DiagnostikSind an qualifizierte MTA delegierte Ultraschalluntersuchungen als Wahlleistungen berechnungsfähig?

27.08.20241712 Min. Lesedauer IWW

| Frage: „Ich wollte gern wissen, wie die Regelung der persönlichen Leistungserbringung bei Ultraschall der gehirnversorgenden Arterien zu sehen ist. Der Hintergrund ist der, dass diese Untersuchungen häufig durch qualifizierte MTAs erbracht werden. Falls das so erfolgt, dann findet eine ärztliche Supervision, Qualifikatskontrolle und Befundung statt. Kann die Leistung dann trotzdem als Wahlleistung berechnet werden?“ |

Antwort: In der Regel werden Ultraschallleistungen von einem hierfür qualifizierten Arzt durchgeführt.

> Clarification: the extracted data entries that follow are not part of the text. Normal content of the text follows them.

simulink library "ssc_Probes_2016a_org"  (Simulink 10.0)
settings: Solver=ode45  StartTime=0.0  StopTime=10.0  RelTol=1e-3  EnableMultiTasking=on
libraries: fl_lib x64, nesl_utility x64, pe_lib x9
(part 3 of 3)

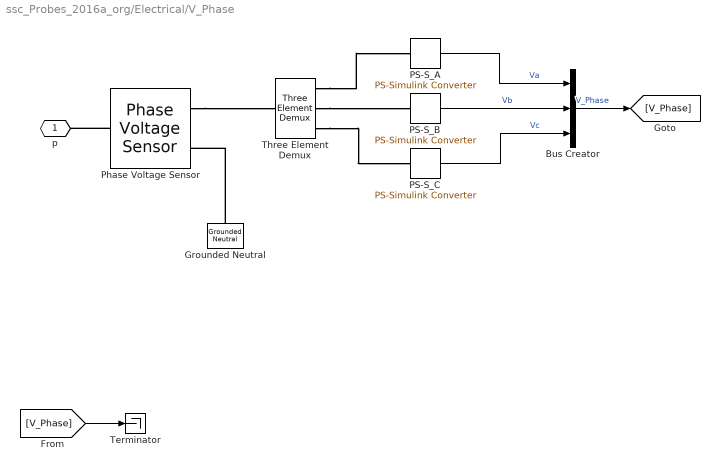
== system ssc_Probes_2016a_org/Electrical/V_Phase ==
  Bus Creator : BusCreator  Inputs=3
  Grounded Neutral : pe_lib/Connections/Grounded Neutral
      settings: SourceProductName=Simscape Electrical  SourceProductBaseCode=PS
  PS-S_A : nesl_utility/PS-Simulink Converter  PhysicalDomain=network_engine_domain  SubClassName=ps_output  LeftPortType=input  RightPortType=output  PseudoPeriodic=off  Frequencies=[]  Unit=V  AffineConversion=off
  PS-S_B : nesl_utility/PS-Simulink Converter  PhysicalDomain=network_engine_domain  SubClassName=ps_output  LeftPortType=input  RightPortType=output  PseudoPeriodic=off  Frequencies=[]  Unit=V  AffineConversion=off
  PS-S_C : nesl_utility/PS-Simulink Converter  PhysicalDomain=network_engine_domain  SubClassName=ps_output  LeftPortType=input  RightPortType=output  PseudoPeriodic=off  Frequencies=[]  Unit=V  AffineConversion=off
  Phase Voltage Sensor : pe_lib/Sensors/Phase Voltage Sensor
      settings: SourceProductName=Simscape Electrical  SourceProductBaseCode=PS
  Terminator : Terminator
  Three Element Demux : pe_lib/Sensors/Three Element Demux
      settings: SourceProductName=Simscape Electrical  SourceProductBaseCode=PS
  p : PMIOPort  Side=Left
  wires:
  [V_Phase] -> Terminator/1
  PS-S_A/1 -> Bus Creator/1  "Va"
  PS-S_B/1 -> Bus Creator/2  "Vb"
  PS-S_C/1 -> Bus Creator/3  "Vc"
  Bus Creator/1 -> [V_Phase]  "V_Phase"
  connections:
  Phase Voltage Sensor/LConn1 -- p/RConn1
  Three Element Demux/RConn3 -- PS-S_C/LConn1
  Three Element Demux/RConn1 -- PS-S_A/LConn1
  Three Element Demux/RConn2 -- PS-S_B/LConn1
  Phase Voltage Sensor/RConn1 -- Three Element Demux/LConn1
  Grounded Neutral/LConn1 -- Phase Voltage Sensor/RConn2

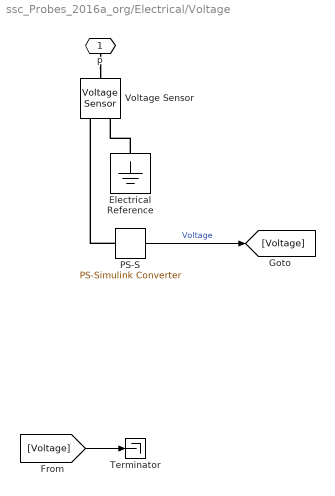
== system ssc_Probes_2016a_org/Electrical/Voltage ==
  Electrical Reference : fl_lib/Electrical/Electrical Elements/Electrical Reference
  PS-S : nesl_utility/PS-Simulink Converter  PhysicalDomain=network_engine_domain  SubClassName=ps_output  LeftPortType=input  RightPortType=output  PseudoPeriodic=off  Frequencies=[]  Unit=V  AffineConversion=off
  Terminator : Terminator
  Voltage Sensor : fl_lib/Electrical/Electrical Sensors/Voltage Sensor
  p : PMIOPort  Side=Left
  wires:
  PS-S/1 -> [Voltage]  "Voltage"
  [Voltage] -> Terminator/1
  connections:
  Electrical Reference/LConn1 -- Voltage Sensor/RConn2
  PS-S/LConn1 -- Voltage Sensor/RConn1
  p/RConn1 -- Voltage Sensor/LConn1

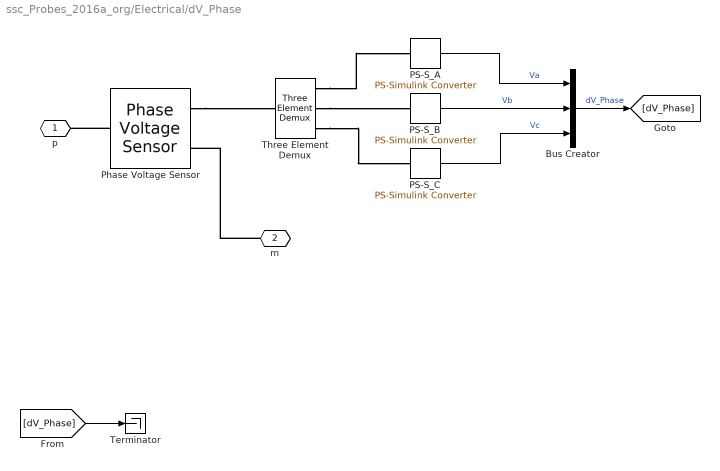
== system ssc_Probes_2016a_org/Electrical/dV_Phase ==
  Bus Creator : BusCreator  Inputs=3
  PS-S_A : nesl_utility/PS-Simulink Converter  PhysicalDomain=network_engine_domain  SubClassName=ps_output  LeftPortType=input  RightPortType=output  PseudoPeriodic=off  Frequencies=[]  Unit=V  AffineConversion=off
  PS-S_B : nesl_utility/PS-Simulink Converter  PhysicalDomain=network_engine_domain  SubClassName=ps_output  LeftPortType=input  RightPortType=output  PseudoPeriodic=off  Frequencies=[]  Unit=V  AffineConversion=off
  PS-S_C : nesl_utility/PS-Simulink Converter  PhysicalDomain=network_engine_domain  SubClassName=ps_output  LeftPortType=input  RightPortType=output  PseudoPeriodic=off  Frequencies=[]  Unit=V  AffineConversion=off
  Phase Voltage Sensor : pe_lib/Sensors/Phase Voltage Sensor
      settings: SourceProductName=Simscape Electrical  SourceProductBaseCode=PS
  Terminator : Terminator
  Three Element Demux : pe_lib/Sensors/Three Element Demux
      settings: SourceProductName=Simscape Electrical  SourceProductBaseCode=PS
  p : PMIOPort  Side=Left
  m : PMIOPort  Port=2  Side=Right
  wires:
  Bus Creator/1 -> [dV_Phase]  "dV_Phase"
  PS-S_C/1 -> Bus Creator/3  "Vc"
  PS-S_B/1 -> Bus Creator/2  "Vb"
  PS-S_A/1 -> Bus Creator/1  "Va"
  [dV_Phase] -> Terminator/1
  connections:
  m/RConn1 -- Phase Voltage Sensor/RConn2
  Phase Voltage Sensor/RConn1 -- Three Element Demux/LConn1
  Three Element Demux/RConn2 -- PS-S_B/LConn1
  Three Element Demux/RConn1 -- PS-S_A/LConn1
  Three Element Demux/RConn3 -- PS-S_C/LConn1
  Phase Voltage Sensor/LConn1 -- p/RConn1

== system ssc_Probes_2016a_org/Electrical/dVoltage ==
  PS-S : nesl_utility/PS-Simulink Converter  PhysicalDomain=network_engine_domain  SubClassName=ps_output  LeftPortType=input  RightPortType=output  PseudoPeriodic=off  Frequencies=[]  Unit=V  AffineConversion=off
  Terminator : Terminator
  Voltage Sensor : fl_lib/Electrical/Electrical Sensors/Voltage Sensor
  p : PMIOPort  Side=Left
  m : PMIOPort  Port=2  Side=Right
  wires:
  PS-S/1 -> [dVoltage]  "dVoltage"
  [dVoltage] -> Terminator/1
  connections:
  p/RConn1 -- Voltage Sensor/LConn1
  PS-S/LConn1 -- Voltage Sensor/RConn1
  m/RConn1 -- Voltage Sensor/RConn2

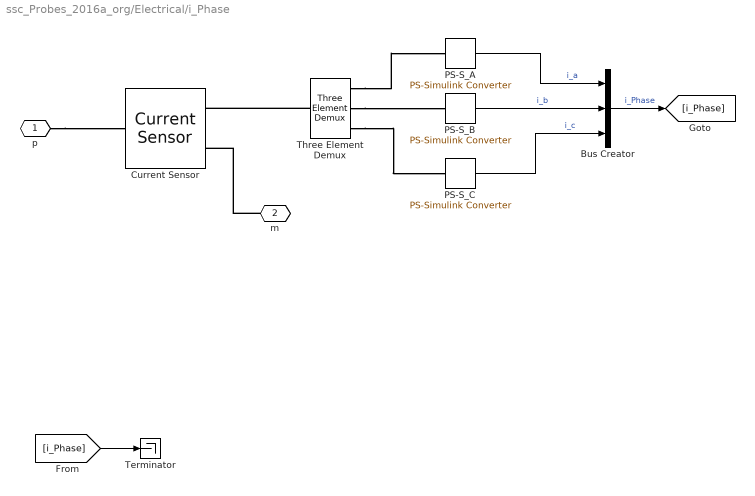
== system ssc_Probes_2016a_org/Electrical/i_Phase ==
  Bus Creator : BusCreator  Inputs=3
  Current Sensor : pe_lib/Sensors/Current Sensor
      settings: SourceProductName=Simscape Electrical  SourceProductBaseCode=PS
  PS-S_A : nesl_utility/PS-Simulink Converter  PhysicalDomain=network_engine_domain  SubClassName=ps_output  LeftPortType=input  RightPortType=output  PseudoPeriodic=off  Frequencies=[]  Unit=A  AffineConversion=off
  PS-S_B : nesl_utility/PS-Simulink Converter  PhysicalDomain=network_engine_domain  SubClassName=ps_output  LeftPortType=input  RightPortType=output  PseudoPeriodic=off  Frequencies=[]  Unit=A  AffineConversion=off
  PS-S_C : nesl_utility/PS-Simulink Converter  PhysicalDomain=network_engine_domain  SubClassName=ps_output  LeftPortType=input  RightPortType=output  PseudoPeriodic=off  Frequencies=[]  Unit=A  AffineConversion=off
  Terminator : Terminator
  Three Element Demux : pe_lib/Sensors/Three Element Demux
      settings: SourceProductName=Simscape Electrical  SourceProductBaseCode=PS
  p : PMIOPort  Side=Left
  m : PMIOPort  Port=2  Side=Right
  wires:
  [i_Phase] -> Terminator/1
  PS-S_A/1 -> Bus Creator/1  "i_a"
  PS-S_B/1 -> Bus Creator/2  "i_b"
  PS-S_C/1 -> Bus Creator/3  "i_c"
  Bus Creator/1 -> [i_Phase]  "i_Phase"
  connections:
  m/RConn1 -- Current Sensor/RConn2
  p/RConn1 -- Current Sensor/LConn1
  Three Element Demux/RConn3 -- PS-S_C/LConn1
  Three Element Demux/RConn2 -- PS-S_B/LConn1
  Three Element Demux/RConn1 -- PS-S_A/LConn1
  Three Element Demux/LConn1 -- Current Sensor/RConn1

== system ssc_Probes_2016a_org/Hydraulic/Flow ==
  Ideal Hydraulic Flow Rate Sensor : fl_lib/Hydraulic/Hydraulic Sensors/Hydraulic Flow Rate Sensor
      settings: SourceProductName=Simscape
  PS-S : nesl_utility/PS-Simulink Converter  PhysicalDomain=network_engine_domain  SubClassName=ps_output  LeftPortType=input  RightPortType=output  PseudoPeriodic=off  Frequencies=[]  Unit=m^3/s  AffineConversion=off
  Terminator : Terminator
  A : PMIOPort  Side=Left
  B : PMIOPort  Port=2  Side=Right
  wires:
  PS-S/1 -> [Flow]  "Flow"
  [Flow] -> Terminator/1
  connections:
  B/RConn1 -- Ideal Hydraulic Flow Rate Sensor/RConn2
  Ideal Hydraulic Flow Rate Sensor/RConn1 -- PS-S/LConn1
  A/RConn1 -- Ideal Hydraulic Flow Rate Sensor/LConn1

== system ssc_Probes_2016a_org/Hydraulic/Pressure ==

Allerdings kann der rein technische Teil der Leistung auf besonders ausgebildete MTA (Medizinisch-technische/r Assistent/in Funktionsdiagnostik [MTAF]) delegiert werden. Die Befundung und Beurteilung der dokumentierten Ultraschallaufzeichnungen durch den Facharzt oder Arzt mit Zusatzbezeichnung ist aber erforderlich. Die delegierte Leistungserbringung muss stets unter Aufsicht nach fachlicher Weisung erfolgen (§1 Abs. 2 GOÄ).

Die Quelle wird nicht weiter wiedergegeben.